This is a proposal to add the inverses of log(self, base: f64) -> f64 and log10(self) -> f64 to the standard lib, namely:

expf(self, base: f64) -> f64

exp10(self) -> f64

I was struck to find that there was no exp10 function in the stdlib. After all, the pairs exp/ln and exp2log2 exists, and so does log10 - so by symmetry so should exp10. Is there an explanation for this API asymmetry? I couldn't find any.

See comparison of currently required syntax (unless I'm missing something) and the possible syntax under this proposal

let x = 3.0_f64;
// All the following expressions should be ~3.0
// Because we are chaining an operation and its inverse
let y = x.log10().exp10(); // proposal
let z = 10_f64.powf(x.log10()); // current syntax required
let a = x.log(2.3).expf(2.3); // proposal
let b = 2.3_f64.powf(x.log(2.3)); // current syntax required
let c = x.log2().exp2(); // this is already supported
let d = x.ln().exp(); // also already supported
}

I feel that from symmetry this proposal is a no-brainer. It's more concise, obvious, clean to read, gets rid of the _f64 explicit type annotation that's unnecessary in symmetric mode.

For every float method there should be the inverse available, using predictable syntax. Right now that requirement is not satisfied as far as I'm aware.

Note: When I first wrote the code, I didn't include the _f64 in 10_f64.powf(x.log10()); causing compiler error. This proposal would eliminate this type of bug. One more reason.

Unfortunately, because exp() is already defined and Rust doesn't support overloading, the inverse of log(base: f64) can't be exp(base: f64), hence my idea to name it expf - but other names would be just as good. Maybe exp_base or something would be ok as well.

The lack of exp10 seems like an oversight. That would be nice to have.

I am not so convinced by a variable-base exponential function. While I agree that needing the _f64 in 2.3_f64.powf(x) is a pain (and just 2.3.powf(x) looks a bit weird too with the two periods), adding a new function that is just the same with argument order swapped feels like it could just add more confusion. Consider that you can also write f64::powf(2.3, x).

For comparison, the exponential functions included on the list of recommended operations in the IEEE754-2008 (or 2019) standards are B^x and B^x - 1 for each B in [e, 2, 10]: exp, expm1, exp2, exp2m1, exp10, exp10m1, and the listed logarithms are their inverses: log, logp1, log2, log2p1, log10, log10p1.
Out of those, Rust is missing exp10 and the +/-1 variants for bases 2 and 10.

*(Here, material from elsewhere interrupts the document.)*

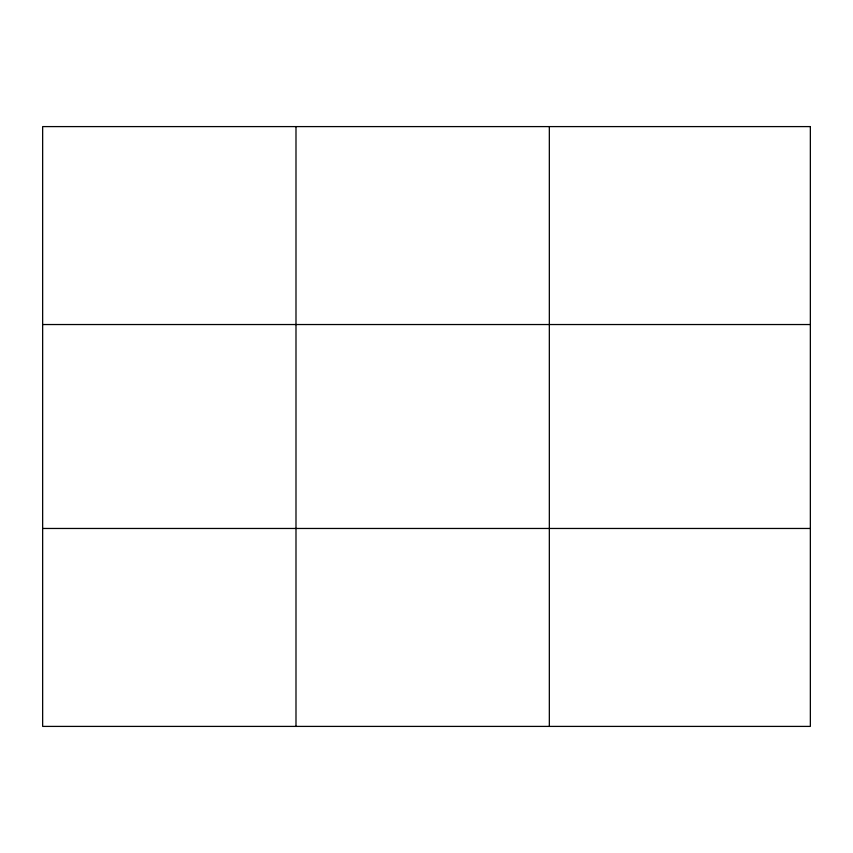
<?xml version="1.0" encoding="UTF-8"?>
<svg xmlns="http://www.w3.org/2000/svg" width="853" height="853" viewBox="0 0 853 853"><rect width="100%" height="100%" fill="white"/><g stroke="black" fill="none" stroke-linecap="round" stroke-linejoin="round"><path stroke-width="1.28" d="M295.991 126.596L295.991 726.404M549.332 126.596L549.332 726.404M42.65 324.535L810.35 324.535M42.65 528.465L810.35 528.465M810.35 126.596L810.35 726.404L42.65 726.404L42.65 126.596L810.35 126.596"/></g></svg>

Notably there is no variable-base logarithm there at all, and the natural logarithm is just called "log" (in Rust it is f64::ln, and f64::log takes any base).

This would get even worse if one wanted to do things after the doing the exponential. Then a neat .chain would arbitrarily, for no reasons other than .expf not being available end up as two chains

One case for not adding inverse of arbitrary exp is that it's probably much more rarely used than the bases 2, e, 10.

As an aside, the reason for the ±1 variants (which Rust should add) is the loss of precision inherent in IEEE 754 when you do (B^x) - 1 if x is close to 0. For example, if x equals 1.0e-40_f64, then to the limits of f64, exp(x) - 1.0_f64 is 0.0, while expm1(x) is 1e-40. Similar applies in the other direction - log1p(1.0e-40_f64) is 1e-40, while log(1.0_f64 + 1.0e-40_f64) is 0.0.

Most of the time, this doesn't matter - but when it does matter, it really matters.

One possible reason is that C99 doesn't have an arbitrary-base logarithm function, and I would bet log(x)/log(2) is going to round incorrectly in common cases. Whereas pow exists, so pow(2, x) and pow(10, x) work fine (as 2 and 10 are exact), so the only necessary special case is exp(x) since pow(e, x) is inaccurate due to e not being representable. (And exp2 is just because the floating-point numbers use power-of-two scale, so it can be done more efficiently than general pow.)